For most people, finding a president they can get behind is not about policy. It’s about what you hear over lunch at work, what your friends and family say, or, if you’re civic-minded, what you see on the half-hour of nightly news you watch. And nobody likes Romney. He is stiff, phony, nakedly ambitious and opportunistic, occasionally nasty towards his opponents, over-privileged from birth, father to a Stepford family, and an owner of too-perfect hair. Every characteristic that makes the man a winner in life makes him a loser in presidential politics.

Too many bloggers and journalists obsess about Romney’s policy positions, and whether he is “conservative” enough for the modern GOP. Too many people take Rick Perry’s desire to abolish three cabinet-level federal agencies he couldn’t remember, or Herman Cain’s 9-9-9 tax plan as gospel, making anything Romney says sound reasonable and eminently presidential in reply.  But it’s not about policy any more than Boss Tweed passing out free beer at the polls, or Huey Long stoking the fires of depression-era Louisiana’s working poor. It’s about hitting certain emotional chords among people who might show up to vote in on an Iowa morning in the dead of winter. People who are cerebral enough to pay attention to this campaign in its early stages seem utterly deficient in their analysis of the emotional language driving these candidates.

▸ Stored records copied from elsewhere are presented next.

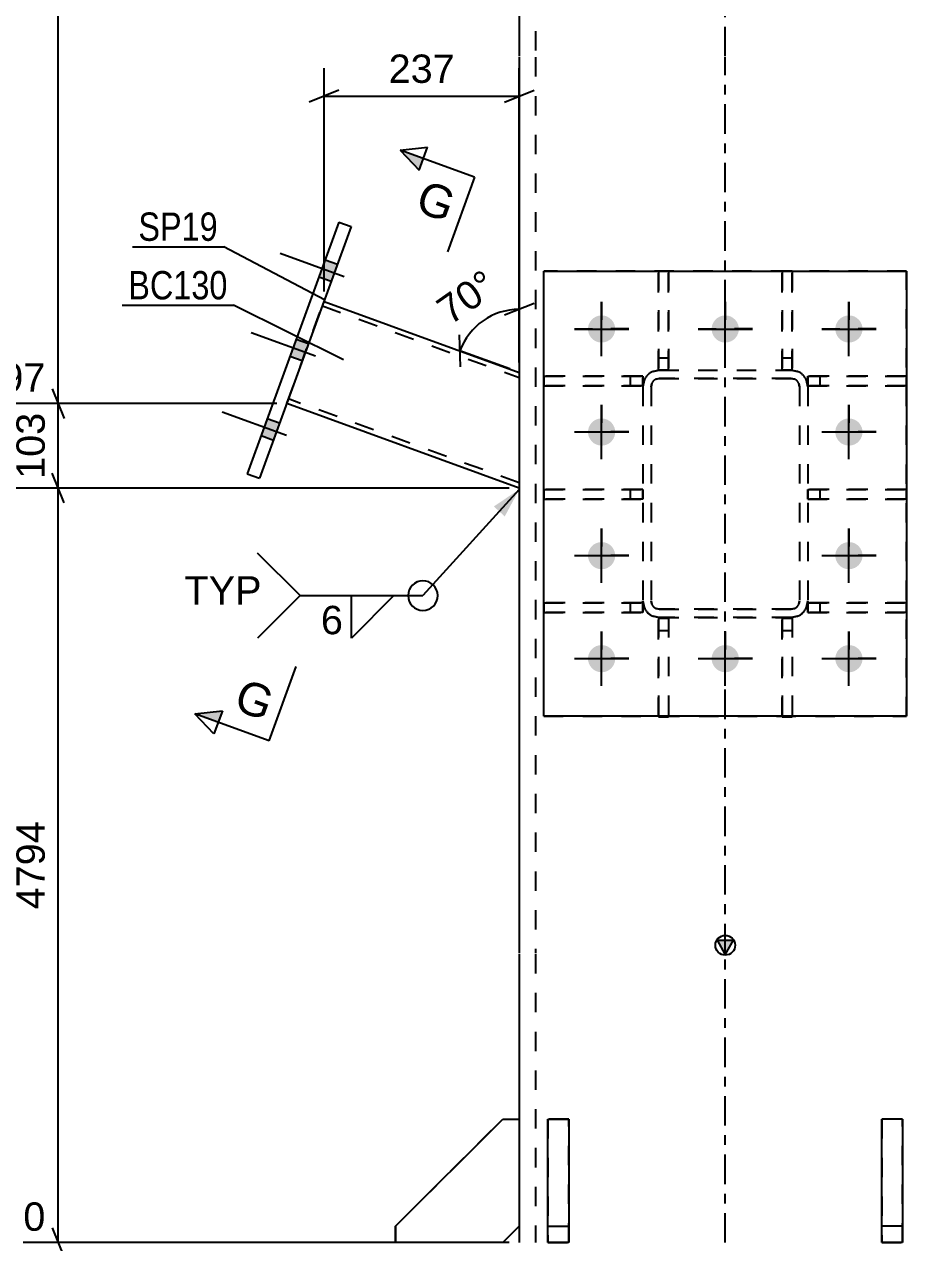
# Model space of a CAD drawing. Header units: millimetres. Extents: x -496 to 256, y -947 to 232.
# Drawn here: x -70.9 to 18.3, y 0 to 123.2 of the extents above; entities that cross this region are included whole.
import ezdxf

# ---------------------------------------------------------------- set-up
doc = ezdxf.new("R2010")
doc.units = ezdxf.units.MM
doc.linetypes.add('DXK_LINE_DOT2', pattern=[3.9198, 1.9599, -1.9599])
doc.linetypes.add('DXK_LINE_DOT3', pattern=[5.9187, 2.979, -0.9799, 0.9799, -0.9799])
doc.styles.add('Arial', font='ARIAL.TTF', dxfattribs={"height": 0.2})
doc.styles.add('Arial Narrow', font='ARIALN.TTF', dxfattribs={"height": 0.2})

# ---------------------------------------------------------------- blocks, each defined once
blk = doc.blocks.new('Part-284932164-1881 - 1878')
at = {"color": 7, "linetype": 'DXK_LINE_DOT2'}
for p, q in [((-8.33, 87.62), (-18.33, 87.62)), ((-18.33, 87.62), (-18.33, 86.62)), ((-9.58, 86.62), (-9.58, 87.62)), ((-8.33, 86.62), (-8.33, 87.62)), ((-18.33, 86.62), (-8.33, 86.62))]:
    blk.add_line(p, q, dxfattribs=at)
blk = doc.blocks.new('Part-284932164-1880 - 1878')
at = {"color": 7, "linetype": 'DXK_LINE_DOT2'}
for p, q in [((-8.33, 64.7), (-18.33, 64.7)), ((-18.33, 64.7), (-18.33, 63.7)), ((-9.58, 63.7), (-9.58, 64.7)), ((-8.33, 63.7), (-8.33, 64.7)), ((-18.33, 63.7), (-8.33, 63.7))]:
    blk.add_line(p, q, dxfattribs=at)
blk = doc.blocks.new('Part-284932164-1882 - 1878')
at = {"color": 7, "linetype": 'DXK_LINE_DOT2'}
for p, q in [((-8.33, 76.16), (-18.33, 76.16)), ((-18.33, 76.16), (-18.33, 75.16)), ((-18.33, 75.16), (-8.33, 75.16)), ((-9.58, 75.16), (-9.58, 76.16)), ((-8.33, 75.16), (-8.33, 76.16))]:
    blk.add_line(p, q, dxfattribs=at)
blk = doc.blocks.new('Part-284932164-1883 - 1878')
at = {"color": 7, "linetype": 'DXK_LINE_DOT2'}
for p, q in [((-18.33, 64.7), (-8.33, 64.7)), ((-18.33, 63.7), (-18.33, 64.7)), ((-9.58, 63.7), (-9.58, 64.7)), ((-8.33, 64.7), (-8.33, 63.7)), ((-8.33, 63.7), (-18.33, 63.7))]:
    blk.add_line(p, q, dxfattribs=at)
blk = doc.blocks.new('Part-284932164-1884 - 1878')
at = {"color": 7, "linetype": 'DXK_LINE_DOT2'}
for p, q in [((-18.33, 87.62), (-8.33, 87.62)), ((-18.33, 86.62), (-18.33, 87.62)), ((-9.58, 86.62), (-9.58, 87.62)), ((-8.33, 87.62), (-8.33, 86.62)), ((-8.33, 86.62), (-18.33, 86.62))]:
    blk.add_line(p, q, dxfattribs=at)
blk = doc.blocks.new('Part-284932164-1885 - 1878')
at = {"color": 7, "linetype": 'DXK_LINE_DOT2'}
for p, q in [((-18.33, 76.16), (-8.33, 76.16)), ((-18.33, 75.16), (-18.33, 76.16)), ((-8.33, 75.16), (-18.33, 75.16)), ((-9.58, 75.16), (-9.58, 76.16)), ((-8.33, 76.16), (-8.33, 75.16))]:
    blk.add_line(p, q, dxfattribs=at)
blk = doc.blocks.new('Part-284932164-1886 - 1878')
at = {"color": 7, "linetype": 'DXK_LINE_DOT2'}
for p, q in [((5.75, 98.22), (5.75, 88.22)), ((6.75, 98.22), (5.75, 98.22)), ((6.75, 88.22), (6.75, 98.22)), ((5.75, 89.47), (6.75, 89.47)), ((5.75, 88.22), (6.75, 88.22))]:
    blk.add_line(p, q, dxfattribs=at)
blk = doc.blocks.new('Part-284932164-1887 - 1878')
at = {"color": 7, "linetype": 'DXK_LINE_DOT2'}
for p, q in [((5.75, 88.22), (5.75, 98.22)), ((5.75, 98.22), (6.75, 98.22)), ((6.75, 98.22), (6.75, 88.22)), ((5.75, 89.47), (6.75, 89.47)), ((6.75, 88.22), (5.75, 88.22))]:
    blk.add_line(p, q, dxfattribs=at)
blk = doc.blocks.new('Part-284932164-1888 - 1878')
at = {"color": 7, "linetype": 'DXK_LINE_DOT2'}
for p, q in [((6.75, 63.16), (5.75, 63.16)), ((5.75, 63.16), (5.75, 53.22)), ((6.75, 63.16), (6.75, 53.22)), ((5.75, 61.91), (6.75, 61.91))]:
    blk.add_line(p, q, dxfattribs=at)
at = {"color": 2, "linetype": 'Continuous'}
for p, q in [((5.75, 53.22), (5.75, 53.16)), ((5.75, 53.16), (6.75, 53.16)), ((6.75, 53.22), (6.75, 53.16))]:
    blk.add_line(p, q, dxfattribs=at)
blk = doc.blocks.new('Part-284932164-2017 - 1878')
at = {"color": 7, "linetype": 'DXK_LINE_DOT2'}
for p, q in [((-18.33, 53.22), (-18.33, 98.22)), ((18.33, 98.22), (-18.33, 98.22)), ((-18.33, 98.22), (18.33, 98.22)), ((18.33, 53.22), (18.33, 98.22)), ((-18.33, 53.22), (-18.33, 53.22)), ((-18.33, 53.22), (18.33, 53.22)), ((18.33, 53.22), (-18.33, 53.22)), ((18.33, 53.22), (18.33, 53.22))]:
    blk.add_line(p, q, dxfattribs=at)
blk = doc.blocks.new('Part-284932164-1889 - 1878')
at = {"color": 7, "linetype": 'DXK_LINE_DOT2'}
for p, q in [((5.75, 53.16), (5.75, 63.16)), ((5.75, 63.16), (6.75, 63.16)), ((6.75, 63.16), (6.75, 53.16)), ((5.75, 61.91), (6.75, 61.91)), ((6.75, 53.16), (5.75, 53.16))]:
    blk.add_line(p, q, dxfattribs=at)
blk = doc.blocks.new('Part-284932164-1958 - 1878')
at = {"color": 7, "linetype": 'DXK_LINE_DOT2'}
for p, q in [((-7.3, 88.09), (-6.67, 88.22)), ((-6.67, 88.22), (-7.3, 88.09)), ((-6.67, 88.22), (6.67, 88.22)), ((-6.67, 88.22), (-6.67, 88.22)), ((-6.67, 88.22), (6.67, 88.22)), ((6.67, 88.22), (6.67, 88.22)), ((6.67, 88.22), (7.3, 88.09)), ((7.3, 88.09), (6.67, 88.22)), ((-8.33, 86.55), (-8.21, 87.19)), ((-8.21, 87.19), (-8.33, 86.55)), ((-8.33, 86.55), (-8.33, 64.88)), ((-7.44, 86.87), (-7.5, 86.55)), ((-7.5, 86.55), (-7.44, 86.87)), ((-7.5, 86.55), (-7.5, 64.88)), ((-6.67, 87.39), (-6.99, 87.32)), ((-6.99, 87.32), (-6.67, 87.38)), ((-6.67, 87.38), (-6.67, 87.39)), ((6.67, 87.39), (-6.67, 87.39)), ((-6.67, 87.38), (6.67, 87.38)), ((6.67, 87.38), (6.67, 87.39)), ((6.99, 87.32), (6.67, 87.39)), ((6.67, 87.38), (6.99, 87.32)), ((7.5, 86.55), (7.44, 86.87)), ((7.44, 86.87), (7.5, 86.55)), ((7.5, 86.55), (7.5, 64.88)), ((8.21, 87.19), (8.33, 86.55)), ((8.33, 86.55), (8.21, 87.19)), ((8.33, 86.55), (8.33, 64.88)), ((-8.21, 64.25), (-8.33, 64.89)), ((-8.33, 64.88), (-8.21, 64.25)), ((-7.5, 64.89), (-7.44, 64.57)), ((-7.44, 64.57), (-7.5, 64.88)), ((-6.99, 64.12), (-6.67, 64.05)), ((-6.67, 64.05), (-6.99, 64.11)), ((6.67, 64.05), (6.99, 64.12)), ((6.99, 64.11), (6.67, 64.05)), ((7.44, 64.57), (7.5, 64.89)), ((7.5, 64.88), (7.44, 64.57)), ((8.33, 64.89), (8.21, 64.25)), ((8.21, 64.25), (8.33, 64.88)), ((-6.67, 63.22), (-7.3, 63.35)), ((-7.3, 63.34), (-6.67, 63.22)), ((-6.67, 64.05), (6.67, 64.05)), ((-6.67, 64.05), (-6.67, 64.05)), ((6.67, 64.05), (-6.67, 64.05)), ((-6.67, 63.22), (6.67, 63.22)), ((-6.67, 63.22), (-6.67, 63.22)), ((6.67, 63.22), (-6.67, 63.22)), ((6.67, 64.05), (6.67, 64.05)), ((7.3, 63.35), (6.67, 63.22)), ((6.67, 63.22), (7.3, 63.34)), ((6.67, 63.22), (6.67, 63.22))]:
    blk.add_line(p, q, dxfattribs=at)
for centre, radius, start, end in [((-6.67, 86.55), 1.67, 112.5, 157.5), ((-6.67, 86.55), 1.67, 112.5, 157.5), ((6.67, 86.55), 1.67, 22.5, 67.5), ((6.67, 86.55), 1.67, 22.5, 67.5), ((-6.67, 86.55), 0.833, 112.5, 157.5), ((-6.67, 86.55), 0.833, 112.5, 157.5), ((6.67, 86.55), 0.833, 22.5, 67.5), ((6.67, 86.55), 0.833, 22.5, 67.5), ((-6.67, 64.89), 1.67, 202.5, 247.5), ((-6.67, 64.88), 1.67, 202.5, 247.5), ((-6.67, 64.89), 0.833, 202.5, 247.5), ((-6.67, 64.88), 0.833, 202.5, 247.5), ((6.67, 64.89), 0.833, 292.5, 337.5), ((6.67, 64.88), 0.833, 292.5, 337.5), ((6.67, 64.89), 1.67, 292.5, 337.5), ((6.67, 64.88), 1.67, 292.5, 337.5)]:
    blk.add_arc(centre, radius, start, end, dxfattribs=at)
blk = doc.blocks.new('Part-284932164-2023 - 1878')
at = {"color": 7, "linetype": 'DXK_LINE_DOT2'}
for p, q in [((8.33, 75.16), (8.33, 76.16)), ((8.33, 76.16), (18.33, 76.16)), ((18.33, 75.16), (8.33, 75.16)), ((9.58, 75.16), (9.58, 76.16)), ((18.33, 76.16), (18.33, 75.16))]:
    blk.add_line(p, q, dxfattribs=at)
blk = doc.blocks.new('Part-284932164-1959 - 1878')
at = {"color": 2, "linetype": 'Continuous'}
for p, q in [((-17.92, 0), (-17.92, 12.5)), ((-17.92, 12.5), (-15.83, 12.5)), ((-15.83, 12.5), (-15.83, 0)), ((-17.92, 1.67), (-15.83, 1.67)), ((-15.83, 0), (-17.92, 0))]:
    blk.add_line(p, q, dxfattribs=at)
blk = doc.blocks.new('Bolt-284932164-1895 - 1878')
at = {"linetype": 'Continuous'}
for points in [[(-12.5, 93.76), (-12.21, 93.73), (-11.94, 93.64), (-11.69, 93.49), (-11.48, 93.3), (-11.31, 93.07), (-11.19, 92.81), (-11.13, 92.53), (-11.13, 92.24), (-11.19, 91.96), (-11.31, 91.69), (-11.48, 91.46), (-11.69, 91.27), (-11.94, 91.13), (-12.21, 91.04), (-12.5, 91.01), (-12.79, 91.04), (-13.06, 91.13), (-13.31, 91.27), (-13.52, 91.46), (-13.69, 91.69), (-13.81, 91.96), (-13.87, 92.24), (-13.87, 92.53), (-13.81, 92.81), (-13.69, 93.07), (-13.52, 93.3), (-13.31, 93.49), (-13.06, 93.64), (-12.79, 93.73)], [(0, 93.76), (0.29, 93.73), (0.56, 93.64), (0.81, 93.49), (1.02, 93.3), (1.19, 93.07), (1.31, 92.81), (1.37, 92.53), (1.37, 92.24), (1.31, 91.96), (1.19, 91.69), (1.02, 91.46), (0.81, 91.27), (0.56, 91.13), (0.29, 91.04), (0, 91.01), (-0.29, 91.04), (-0.56, 91.13), (-0.81, 91.27), (-1.02, 91.46), (-1.19, 91.69), (-1.31, 91.96), (-1.37, 92.24), (-1.37, 92.53), (-1.31, 92.81), (-1.19, 93.07), (-1.02, 93.3), (-0.81, 93.49), (-0.56, 93.64), (-0.29, 93.73)], [(12.5, 93.76), (12.79, 93.73), (13.06, 93.64), (13.31, 93.49), (13.52, 93.3), (13.69, 93.07), (13.81, 92.81), (13.87, 92.53), (13.87, 92.24), (13.81, 91.96), (13.69, 91.69), (13.52, 91.46), (13.31, 91.27), (13.06, 91.13), (12.79, 91.04), (12.5, 91.01), (12.21, 91.04), (11.94, 91.13), (11.69, 91.27), (11.48, 91.46), (11.31, 91.69), (11.19, 91.96), (11.13, 92.24), (11.13, 92.53), (11.19, 92.81), (11.31, 93.07), (11.48, 93.3), (11.69, 93.49), (11.94, 93.64), (12.21, 93.73)], [(-12.5, 83.34), (-12.21, 83.31), (-11.94, 83.22), (-11.69, 83.08), (-11.48, 82.89), (-11.31, 82.65), (-11.19, 82.39), (-11.13, 82.11), (-11.13, 81.82), (-11.19, 81.54), (-11.31, 81.28), (-11.48, 81.05), (-11.69, 80.85), (-11.94, 80.71), (-12.21, 80.62), (-12.5, 80.59), (-12.79, 80.62), (-13.06, 80.71), (-13.31, 80.85), (-13.52, 81.05), (-13.69, 81.28), (-13.81, 81.54), (-13.87, 81.82), (-13.87, 82.11), (-13.81, 82.39), (-13.69, 82.65), (-13.52, 82.89), (-13.31, 83.08), (-13.06, 83.22), (-12.79, 83.31)], [(12.5, 83.34), (12.79, 83.31), (13.06, 83.22), (13.31, 83.08), (13.52, 82.89), (13.69, 82.65), (13.81, 82.39), (13.87, 82.11), (13.87, 81.82), (13.81, 81.54), (13.69, 81.28), (13.52, 81.05), (13.31, 80.85), (13.06, 80.71), (12.79, 80.62), (12.5, 80.59), (12.21, 80.62), (11.94, 80.71), (11.69, 80.85), (11.48, 81.05), (11.31, 81.28), (11.19, 81.54), (11.13, 81.82), (11.13, 82.11), (11.19, 82.39), (11.31, 82.65), (11.48, 82.89), (11.69, 83.08), (11.94, 83.22), (12.21, 83.31)], [(-12.5, 70.84), (-12.21, 70.81), (-11.94, 70.72), (-11.69, 70.58), (-11.48, 70.39), (-11.31, 70.15), (-11.19, 69.89), (-11.13, 69.61), (-11.13, 69.32), (-11.19, 69.04), (-11.31, 68.78), (-11.48, 68.55), (-11.69, 68.35), (-11.94, 68.21), (-12.21, 68.12), (-12.5, 68.09), (-12.79, 68.12), (-13.06, 68.21), (-13.31, 68.35), (-13.52, 68.55), (-13.69, 68.78), (-13.81, 69.04), (-13.87, 69.32), (-13.87, 69.61), (-13.81, 69.89), (-13.69, 70.15), (-13.52, 70.39), (-13.31, 70.58), (-13.06, 70.72), (-12.79, 70.81)], [(12.5, 70.84), (12.79, 70.81), (13.06, 70.72), (13.31, 70.58), (13.52, 70.39), (13.69, 70.15), (13.81, 69.89), (13.87, 69.61), (13.87, 69.32), (13.81, 69.04), (13.69, 68.78), (13.52, 68.55), (13.31, 68.35), (13.06, 68.21), (12.79, 68.12), (12.5, 68.09), (12.21, 68.12), (11.94, 68.21), (11.69, 68.35), (11.48, 68.55), (11.31, 68.78), (11.19, 69.04), (11.13, 69.32), (11.13, 69.61), (11.19, 69.89), (11.31, 70.15), (11.48, 70.39), (11.69, 70.58), (11.94, 70.72), (12.21, 70.81)], [(-12.5, 60.42), (-12.21, 60.39), (-11.94, 60.31), (-11.69, 60.16), (-11.48, 59.97), (-11.31, 59.74), (-11.19, 59.47), (-11.13, 59.19), (-11.13, 58.91), (-11.19, 58.62), (-11.31, 58.36), (-11.48, 58.13), (-11.69, 57.94), (-11.94, 57.79), (-12.21, 57.7), (-12.5, 57.67), (-12.79, 57.7), (-13.06, 57.79), (-13.31, 57.94), (-13.52, 58.13), (-13.69, 58.36), (-13.81, 58.62), (-13.87, 58.91), (-13.87, 59.19), (-13.81, 59.47), (-13.69, 59.74), (-13.52, 59.97), (-13.31, 60.16), (-13.06, 60.31), (-12.79, 60.39)], [(0, 60.42), (0.29, 60.39), (0.56, 60.31), (0.81, 60.16), (1.02, 59.97), (1.19, 59.74), (1.31, 59.47), (1.37, 59.19), (1.37, 58.91), (1.31, 58.62), (1.19, 58.36), (1.02, 58.13), (0.81, 57.94), (0.56, 57.79), (0.29, 57.7), (0, 57.67), (-0.29, 57.7), (-0.56, 57.79), (-0.81, 57.94), (-1.02, 58.13), (-1.19, 58.36), (-1.31, 58.62), (-1.37, 58.91), (-1.37, 59.19), (-1.31, 59.47), (-1.19, 59.74), (-1.02, 59.97), (-0.81, 60.16), (-0.56, 60.31), (-0.29, 60.39)], [(12.5, 60.42), (12.79, 60.39), (13.06, 60.31), (13.31, 60.16), (13.52, 59.97), (13.69, 59.74), (13.81, 59.47), (13.87, 59.19), (13.87, 58.91), (13.81, 58.62), (13.69, 58.36), (13.52, 58.13), (13.31, 57.94), (13.06, 57.79), (12.79, 57.7), (12.5, 57.67), (12.21, 57.7), (11.94, 57.79), (11.69, 57.94), (11.48, 58.13), (11.31, 58.36), (11.19, 58.62), (11.13, 58.91), (11.13, 59.19), (11.19, 59.47), (11.31, 59.74), (11.48, 59.97), (11.69, 60.16), (11.94, 60.31), (12.21, 60.39)]]:
    blk.add_hatch(color=1, dxfattribs=at).paths.add_polyline_path(points)
at = {"color": 1, "linetype": 'Continuous'}
for p, q in [((-12.5, 89.63), (-12.5, 95.13)), ((0, 89.63), (0, 95.13)), ((12.5, 89.63), (12.5, 95.13)), ((-15.25, 92.38), (-9.75, 92.38)), ((-2.75, 92.38), (2.75, 92.38)), ((9.75, 92.38), (15.25, 92.38)), ((-12.5, 79.22), (-12.5, 84.72)), ((12.5, 79.22), (12.5, 84.72)), ((-15.25, 81.97), (-9.75, 81.97)), ((9.75, 81.97), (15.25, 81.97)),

There is so much earnest analysis by people whose intuitions and inklings have grown atrophied by too many years of trying to be taken seriously by other serious people.

We all know that Romney is supported by the GOP establishment; a shadowy group whose sole motivation is to keep all their money and make much, much more. We mostly suspect that he will probably win this nomination by the grace of his powerful friends, and for lack of an alternative. But they all really do hate him, even his savvy and influential benefactors. None of this is revelation, but it’s important all the same.